With regard to the Econami, it has built-in over-voltage and over-current protection built into it, as well as a thermal shut-down in case things get hot, but nothing triggers the other safeties. (Most decoders have some level of self-preservation.) Also, the board is rated at 4 amps maximum, but that doesn't mean it releases the magic smoke at 4.1 amps. It's got a safety margin built into that rating. According to the manual, over-current protection kicks in at 150% of the rating (so, 6 amps) so it would seem there's a fairly healthy safety margin. 

Again, I've been running my Econami through some fairly arduous tests, and have not had it go into failure mode yet. If TCS doesn't get on the ball with their large scale WowSound decoder, I'll likely end up putting an Econami in my next project loco as well (2-motor diesel). I'd not hesitate to put the 4-amp board in the Accucraft Davenport. While not quite prototypical, their Alco 244 sound file I think has a right good amount of character for the Davenport.

As for the 2-amp board, I'd likely bet you'd be fine with that. Again, the Econami has over-current protection which would kick in at 3 amps, and a 3-amp fuse in line with it would add an additional level of protection. It's a savings of $40 - $50 compared to the 4-amp board. Not an insignificant chunk of change, but at the same time, not all that much extra for peace of mind. 

Later,

K


----------



## SD90WLMT (Feb 16, 2010)

I have had great success using the mini auto plug in fuses...buy a fuse holder from an auto supply parts store...fuses come in many ratings from all stores..
I fit mine inside fuel tanks..easy n quick external access if they need replacing on the fly.


----------



## rdamurphy (Jan 3, 2008)

As far as the sound, I feel like the EMD 567 non-turbo would fill in nicely, if there's a way to lower the RPM's to simulate a V8 diesel. Also, if there's a way to change the decoder to four notches instead of 8.

Robert


----------



## Greg Elmassian (Jan 3, 2008)

Actually I should have corrected Kevin's broad statement and stated Q3 files will play on the QSI windows software, but not the Q3 emulator files.

How do you test something for max amps with an inadequate power supply? You don't. If you really want the information you need a power supply with more oomph..

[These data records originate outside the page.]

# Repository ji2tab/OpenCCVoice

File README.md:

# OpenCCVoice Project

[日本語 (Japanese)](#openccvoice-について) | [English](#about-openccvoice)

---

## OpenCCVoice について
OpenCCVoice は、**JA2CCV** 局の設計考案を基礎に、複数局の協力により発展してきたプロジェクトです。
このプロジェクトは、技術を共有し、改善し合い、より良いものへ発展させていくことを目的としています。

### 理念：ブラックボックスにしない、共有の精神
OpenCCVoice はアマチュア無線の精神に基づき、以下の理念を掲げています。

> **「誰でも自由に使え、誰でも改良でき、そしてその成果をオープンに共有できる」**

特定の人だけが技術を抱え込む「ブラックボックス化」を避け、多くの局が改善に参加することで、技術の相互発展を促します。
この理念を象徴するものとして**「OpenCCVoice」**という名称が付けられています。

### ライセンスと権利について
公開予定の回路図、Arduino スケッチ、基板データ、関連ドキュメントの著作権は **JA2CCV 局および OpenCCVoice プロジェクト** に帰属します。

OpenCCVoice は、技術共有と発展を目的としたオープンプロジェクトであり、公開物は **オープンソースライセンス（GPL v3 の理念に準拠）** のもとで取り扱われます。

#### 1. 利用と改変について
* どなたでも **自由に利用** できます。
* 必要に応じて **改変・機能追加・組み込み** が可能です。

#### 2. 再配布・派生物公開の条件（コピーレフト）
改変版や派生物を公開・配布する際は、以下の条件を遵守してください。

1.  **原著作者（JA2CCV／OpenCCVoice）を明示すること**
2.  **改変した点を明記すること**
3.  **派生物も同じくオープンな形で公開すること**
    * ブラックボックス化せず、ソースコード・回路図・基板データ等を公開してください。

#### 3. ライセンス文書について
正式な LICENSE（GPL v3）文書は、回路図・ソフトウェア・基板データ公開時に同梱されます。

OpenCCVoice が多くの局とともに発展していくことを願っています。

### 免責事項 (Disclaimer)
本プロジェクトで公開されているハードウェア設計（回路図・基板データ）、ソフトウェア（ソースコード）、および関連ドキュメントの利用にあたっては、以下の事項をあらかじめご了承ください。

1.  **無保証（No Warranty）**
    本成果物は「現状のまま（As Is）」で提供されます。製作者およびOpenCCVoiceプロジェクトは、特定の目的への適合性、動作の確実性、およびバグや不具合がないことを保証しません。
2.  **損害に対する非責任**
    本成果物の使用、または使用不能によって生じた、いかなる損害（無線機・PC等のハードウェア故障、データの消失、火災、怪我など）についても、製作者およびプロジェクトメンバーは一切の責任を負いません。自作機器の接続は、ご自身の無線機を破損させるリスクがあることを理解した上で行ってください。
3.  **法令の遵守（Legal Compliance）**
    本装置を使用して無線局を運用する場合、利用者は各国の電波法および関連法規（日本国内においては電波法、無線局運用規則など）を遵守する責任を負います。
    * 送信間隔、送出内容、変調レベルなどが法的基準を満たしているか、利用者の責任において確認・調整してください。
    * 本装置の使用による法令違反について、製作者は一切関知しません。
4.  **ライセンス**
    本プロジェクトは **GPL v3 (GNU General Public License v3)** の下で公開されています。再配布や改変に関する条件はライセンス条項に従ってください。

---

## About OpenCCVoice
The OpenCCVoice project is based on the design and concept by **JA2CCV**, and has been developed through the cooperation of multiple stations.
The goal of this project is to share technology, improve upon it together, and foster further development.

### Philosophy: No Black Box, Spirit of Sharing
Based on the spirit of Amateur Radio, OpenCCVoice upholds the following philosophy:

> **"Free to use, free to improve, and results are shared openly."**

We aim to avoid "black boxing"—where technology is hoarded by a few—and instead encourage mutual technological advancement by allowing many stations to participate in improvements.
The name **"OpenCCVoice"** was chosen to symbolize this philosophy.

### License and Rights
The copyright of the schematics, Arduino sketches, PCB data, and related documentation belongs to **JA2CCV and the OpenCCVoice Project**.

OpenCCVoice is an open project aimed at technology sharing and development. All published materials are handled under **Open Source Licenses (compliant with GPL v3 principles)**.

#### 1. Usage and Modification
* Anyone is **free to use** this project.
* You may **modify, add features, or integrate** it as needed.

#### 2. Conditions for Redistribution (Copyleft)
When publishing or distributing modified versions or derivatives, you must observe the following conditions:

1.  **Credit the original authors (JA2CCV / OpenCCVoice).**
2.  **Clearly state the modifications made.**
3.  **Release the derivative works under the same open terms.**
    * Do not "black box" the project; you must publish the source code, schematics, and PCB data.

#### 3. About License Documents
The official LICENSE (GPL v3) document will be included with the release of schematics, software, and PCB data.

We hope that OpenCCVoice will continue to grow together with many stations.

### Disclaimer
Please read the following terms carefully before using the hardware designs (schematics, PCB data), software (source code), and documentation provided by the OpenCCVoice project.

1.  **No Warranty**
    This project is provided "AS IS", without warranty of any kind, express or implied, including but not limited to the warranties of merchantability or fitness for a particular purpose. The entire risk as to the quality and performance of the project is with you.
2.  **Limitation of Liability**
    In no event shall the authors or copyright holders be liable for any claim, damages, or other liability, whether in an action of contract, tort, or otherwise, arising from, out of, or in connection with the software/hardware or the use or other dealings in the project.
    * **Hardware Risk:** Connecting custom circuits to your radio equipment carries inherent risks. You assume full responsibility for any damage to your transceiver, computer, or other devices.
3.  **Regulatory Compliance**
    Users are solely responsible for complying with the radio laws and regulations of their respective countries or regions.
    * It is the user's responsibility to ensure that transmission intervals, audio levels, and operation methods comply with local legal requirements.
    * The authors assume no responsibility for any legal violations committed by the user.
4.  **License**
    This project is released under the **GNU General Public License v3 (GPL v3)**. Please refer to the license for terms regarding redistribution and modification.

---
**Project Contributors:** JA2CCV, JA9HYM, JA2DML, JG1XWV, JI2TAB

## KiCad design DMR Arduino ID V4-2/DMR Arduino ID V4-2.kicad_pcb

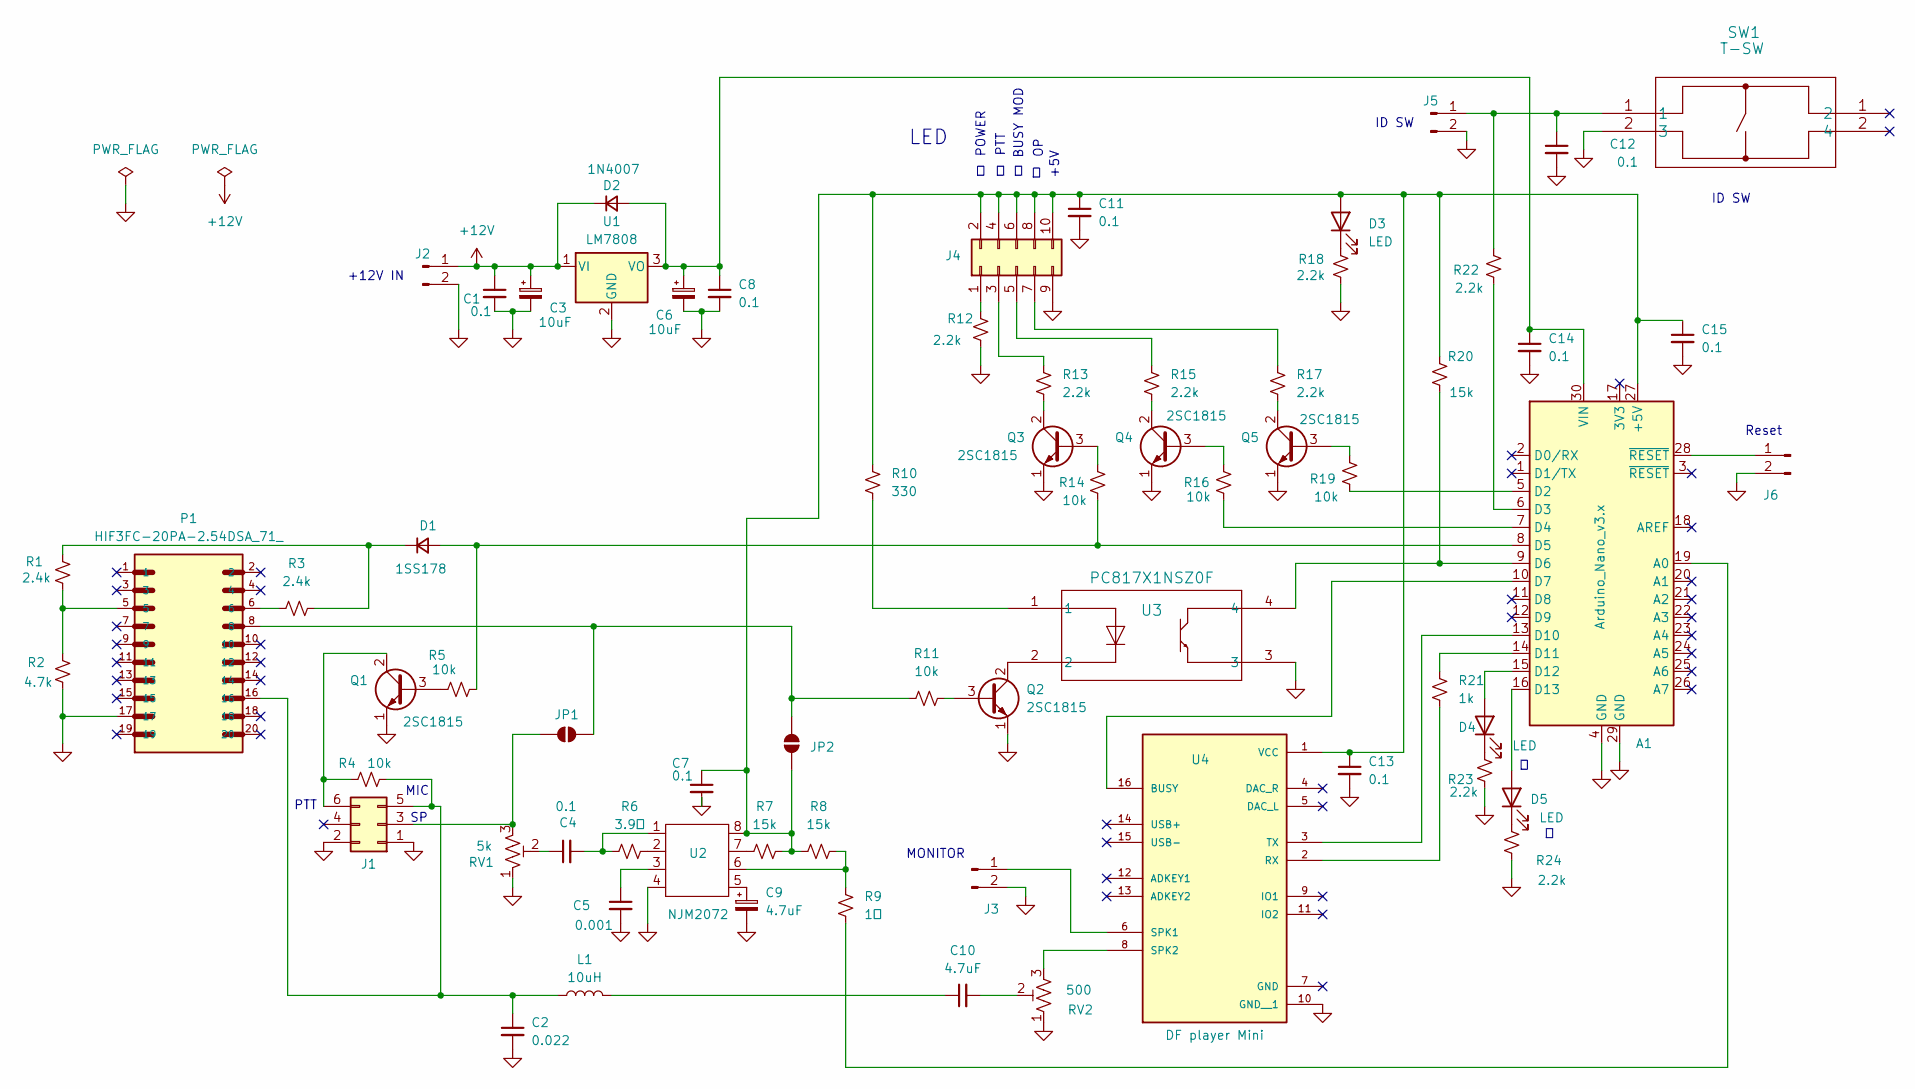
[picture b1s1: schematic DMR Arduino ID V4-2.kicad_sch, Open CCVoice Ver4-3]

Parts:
A1: Arduino_Nano_v3.x; Arduino_Nano_WithMountingHoles
C1, C4, C7, C8, C11, C12, C13, C14, C15: 0.1; C_Disc_D4.3mm_W1.9mm_P5.00mm
C2: 0.022; C_Disc_D4.3mm_W1.9mm_P5.00mm
C3, C6: 10uF; CP_Radial_D5.0mm_P2.50mm
C5: 0.001; C_Disc_D4.3mm_W1.9mm_P5.00mm
C9: 4.7uF; CP_Radial_D5.0mm_P2.50mm
C10: 4.7uF; C_Radial_D5.0mm_H5.0mm_P2.00mm
D1: 1SS178; D_DO-34_SOD68_P7.62mm_Horizontal
D2: 1N4007; D_DO-34_SOD68_P10.16mm_Horizontal
D3, D4, D5: LED; LED_D3.0mm_FlatTop
J1: Conn_02x03_Odd_Even; PinHeader_2x03_P2.54mm_Vertical
J2, J3, J5, J6: Conn_01x02_Pin; PinHeader_1x02_P2.54mm_Vertical
J4: Conn_02x05_Odd_Even; PinHeader_2x05_P2.54mm_Vertical
JP1, JP2: SolderJumper_2_Open; SolderJumper-2_P1.3mm_Open_RoundedPad1.0x1.5mm
L1: 10uH; L_Axial_L5.3mm_D2.2mm_P7.62mm_Horizontal_Vishay_IM-1
P1: HIF3FC-20PA-2.54DSA_71_; IDC-Header_2x10_P2.54mm_Horizontal
Q1, Q2, Q3, Q4, Q5: 2SC1815; TO-92L_Inline_Wide
R1, R3: 2.4k; R_Axial_DIN0204_L3.6mm_D1.6mm_P7.62mm_Horizontal
R2: 4.7k; R_Axial_DIN0204_L3.6mm_D1.6mm_P7.62mm_Horizontal
R4, R5, R11, R14, R16, R19: 10k; R_Axial_DIN0204_L3.6mm_D1.6mm_P7.62mm_Horizontal
R6: 3.9ｋ; R_Axial_DIN0204_L3.6mm_D1.6mm_P7.62mm_Horizontal
R7, R8, R20: 15k; R_Axial_DIN0204_L3.6mm_D1.6mm_P7.62mm_Horizontal
R9: 1ｋ; R_Axial_DIN0204_L3.6mm_D1.6mm_P7.62mm_Horizontal
R10: 330; R_Axial_DIN0204_L3.6mm_D1.6mm_P7.62mm_Horizontal
R12, R13, R15, R17, R18, R22, R23, R24: 2.2k; R_Axial_DIN0204_L3.6mm_D1.6mm_P7.62mm_Horizontal
R21: 1k; R_Axial_DIN0204_L3.6mm_D1.6mm_P7.62mm_Horizontal
RV1: 5k; Potentiometer_Bourns_3339P_Vertical
RV2: 500; Potentiometer_Bourns_3339P_Vertical
SW1: T-SW; B3F-1060
U1: LM7808; TO-220-3_Vertical
U2: NJM2072; CERDIP-8_W7.62mm_SideBrazed_Socket
U3: PC817X1NSZ0F; DIP-4_W7.62mm
U4: DFR0299; MODULE_DFR0299

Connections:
+12V: C1.1, C3.1, D2.1 (K), J2.1, U1.1 (VI)
GND: A1.4 (GND), A1.29 (GND), C1.2, C2.2, C3.2, C5.2, C6.2, C7.2, C8.2, C9.2, C11.2, C12.2, C13.2, C14.2, C15.2, J1.1, J1.2, J2.2, J3.2, J4.9, J5.2, J6.2, P1.17, Q1.1 (E), Q2.1 (E), Q3.1 (E), Q4.1 (E), Q5.1 (E), R2.2, R12.2, R18.2, R23.2, R24.2, RV1.1, RV2.1, SW1.2 (3), U1.2 (GND), U2.4, U3.3, U4.10 (GND__1)
unnamed: A1.27 (+5V), C7.1, C11.1, C13.1, C15.1, D3.2 (A), J4.2, J4.4, J4.6, J4.8, J4.10, JP2.1 (A), R7.2, R8.1, R10.1, R20.1, U2.8, U4.1 (VCC)
unnamed: A1.19 (A0), R9.2
unnamed: A1.5 (D2), R19.2
unnamed: A1.6 (D3), R22.2
unnamed: A1.7 (D4), R16.2
unnamed: A1.8 (D5), D1.2 (A), R5.2, R14.2
unnamed: A1.9 (D6), R20.2, U3.4
unnamed: A1.10 (D7), U4.16 (BUSY)
unnamed: A1.13 (D10), U4.3 (TX)
unnamed: A1.14 (D11), R21.1
unnamed: A1.15 (D12), D4.2 (A)
unnamed: A1.16 (D13), D5.2 (A)
unnamed: A1.30 (VIN), C6.1, C8.1, C14.1, D2.2 (A), U1.3 (VO)
unnamed: C4.1, RV1.2
unnamed: C4.2, R6.1, U2.1
unnamed: C5.1, U2.3
unnamed: C9.1, U2.5
unnamed: C10.1, L1.2
unnamed: C10.2, RV2.2
unnamed: D1.1 (K), R1.1, R3.1
unnamed: D3.1 (K), R18.1
unnamed: D4.1 (K), R23.1
unnamed: D5.1 (K), R24.1
unnamed: J1.3, JP1.1 (A), RV1.3
unnamed: C2.1, J1.5, L1.1, P1.16, R4.2
unnamed: J1.6, Q1.2 (C), R4.1
unnamed: J3.1, U4.6 (SPK1)
unnamed: J4.1, R12.1
unnamed: J4.3, R13.1
unnamed: J4.5, R15.1
unnamed: J4.7, R17.1
unnamed: C12.1, J5.1, R22.1, SW1.1
unnamed: A1.28 (~RESET), J6.1
unnamed: JP1.2 (B), JP2.2 (B), P1.8, R11.1
unnamed: P1.5, R1.2, R2.1
unnamed: P1.6, R3.2
unnamed: Q1.3 (B), R5.1
unnamed: Q2.3 (B), R11.2
unnamed: Q2.2 (C), U3.2
unnamed: Q3.3 (B), R14.1
unnamed: Q3.2 (C), R13.2
unnamed: Q4.3 (B), R16.1
unnamed: Q4.2 (C), R15.2
unnamed: Q5.3 (B), R19.1
unnamed: Q5.2 (C), R17.2
unnamed: R6.2, U2.2
unnamed: R7.1, U2.7
unnamed: R8.2, R9.1, U2.6
unnamed: R10.2, U3.1
unnamed: R21.2, U4.2 (RX)
unnamed: RV2.3, U4.8 (SPK2)

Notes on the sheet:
+12V IN
Reset
LED
+5V
BUSY MOD
MIC
MONITOR
ID SW
PTT
POWER

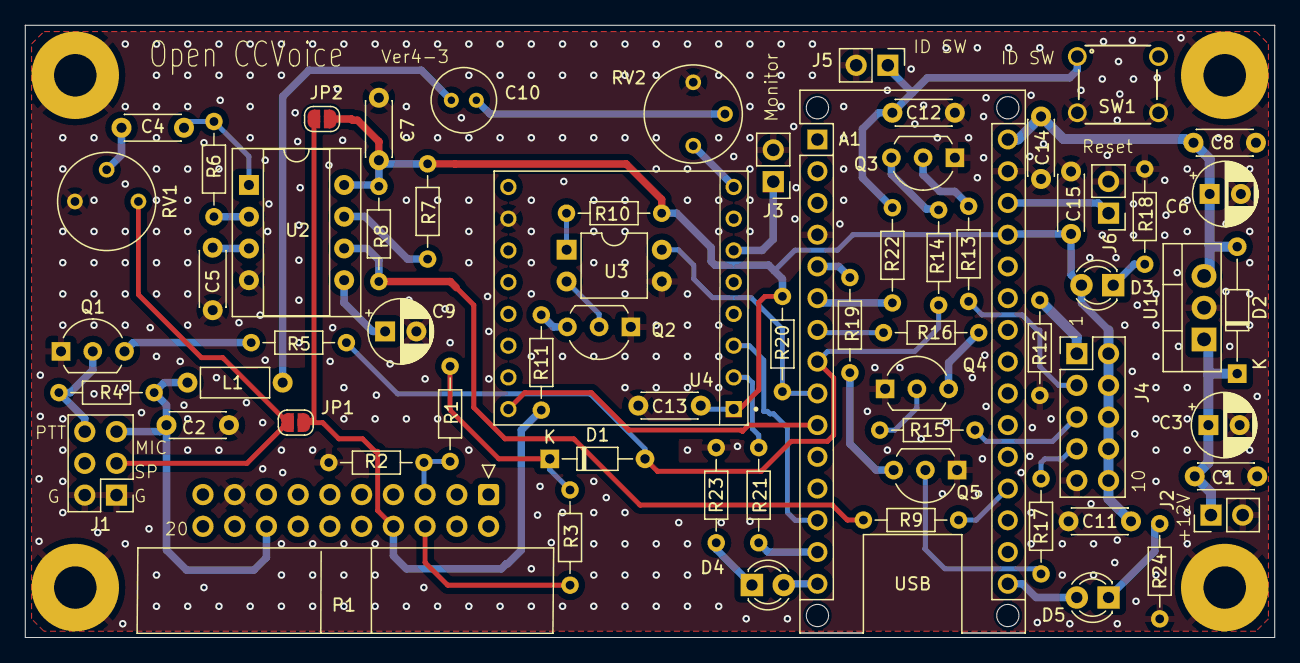
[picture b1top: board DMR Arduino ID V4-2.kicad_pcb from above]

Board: 2 copper layers, 100.0 x 49.0 mm, 67 parts (0 on the bottom side), 53 nets.

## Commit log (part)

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2026-01-21 Expand README with usage instructions and troubleshooting
    Added detailed user manual and command reference for OpenCCVoice.
2026-01-21 Create 'about us' file for OpenCCVoice project
    Added project details, licensing information, and usage guidelines for OpenCCVoice.
2026-01-21 Add CCVoice 1.72 final EEPROM F firmware
2026-01-21 Create CHANGELOG.md for CCVoice project
    Added a comprehensive changelog for the TM-8250 ID Guidance Controller project, detailing version history, features, fixes, and enhancements.
2026-01-21 Update project name in comments
2026-01-21 Add test file
2026-01-21 Create test
2026-01-21 Add directory structure for OpenCCVoice project
2026-01-21 Update directory
2026-01-22 Rename CCVoice_1_72_final_EEPROM_F.ino to firmware/old_versions/CCVoice_1_72_final_EEPROM_F.ino
2026-01-22 Rename CHANGELOG.md to firmware/old_versions/CHANGELOG/v1.72-final-EEPROM+F.CHANGELOG.md
2026-01-22 Rename firmware/old_versions/CCVoice_1_72_final_EEPROM_F.ino to firmware/old_versions/CCVoice_1_72_final_EEPROM_F/CCVoice_1_72_final_EEPROM_F.ino
2026-01-22 Rename firmware/old_versions/CHANGELOG/v1.72-final-EEPROM+F.CHANGELOG.md to firmware/old_versions/CHANGELOG.md
2026-01-22 Rename firmware/old_versions/CHANGELOG.md to firmware/old_versions/CCVoice_1_72_final_EEPROM_F/CHANGELOG.md
2026-01-22 Rename README.md to firmware/old_versions/CCVoice_1_72_final_EEPROM_F/README.md
2026-01-23 Initialize README.md with project information
    Add detailed project overview, licensing, and disclaimers.
2026-01-23 Revise README structure and content
    Updated README.md to enhance structure and clarity, including sections on philosophy, license, and disclaimer.
2026-01-31 Create PartsList
2026-02-19 Create memo
2026-03-02 Create Arduino-IDE.html
    Arduino IDE導入方法
    2025/03/03 堀江作成
2026-05-13 Create DVSwitch × Pi-Star 自動音声応答システム構築手順書 (V1.44準拠)
2026-05-13 Update DVSwitch × Pi-Star 自動音声応答システム構築手順書 (V1.44準拠)
2026-05-13 Rename DVSwitch × Pi-Star 自動音声応答システム構築手順書 (V1.44準拠) to DVSwitch × Pi-Star 自動音声応答システム構築手順書 (V1.44準拠).md

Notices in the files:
parts and their libraries:
Copyright 2016 Accelerated Designs. All rights reserved.

But, how will you run a loco that may need brief periods of 5 amps if you only have a 1 amp supply? Something does not balance here.

Fuses work, hard to make accessable from the outside, but good safety. 

One final note: I would be interested to see what a 4 amp load does to a Econami.... my guess is that it will do what Kevin said. Why? Because the predecessors of the Econami shut down on shorts and overload, in fact often prematurely. One would reason that SoundTraxx did not radically change this circuitry from what they have used for years.

Greg


----------



## East Broad Top (Dec 29, 2007)

rdamurphy said:


> As far as the sound, I feel like the EMD 567 non-turbo would fill in nicely, if there's a way to lower the RPM's to simulate a V8 diesel.


Alas, the prime mover sounds are what they are. You may be able to tweak the 7-band EQ to shape the sound a bit, but it's going to be a 12-cylinder diesel. 



> Also, if there's a way to change the decoder to four notches instead of 8.


Yes and no. You can't just tell the decoder to use only 4 notches. What you can do is set the speed steps per notch to its maximum value (15 steps per notch), then set your top-ends speed (CV5) such that you're going plenty fast enough at speed step 60 and remember not to go over that. That setting is CV114. 

You may also try going into "switching mode" (F14). This overrides any momentum settings you may have programmed in (CVs 3, 4, 23, 24), and also cuts the speed of your motor in half. What I don't know is if it also adjusts the speed steps per notch. If it does, then you'll have your 4 notches through your entire speed range. If it doesn't, then you'll have 8, and you'll have to remember not to go past speed step 60 again. (That, and you're overriding your momentum, which means you can't use the prototypical braking, which is seriously fun!)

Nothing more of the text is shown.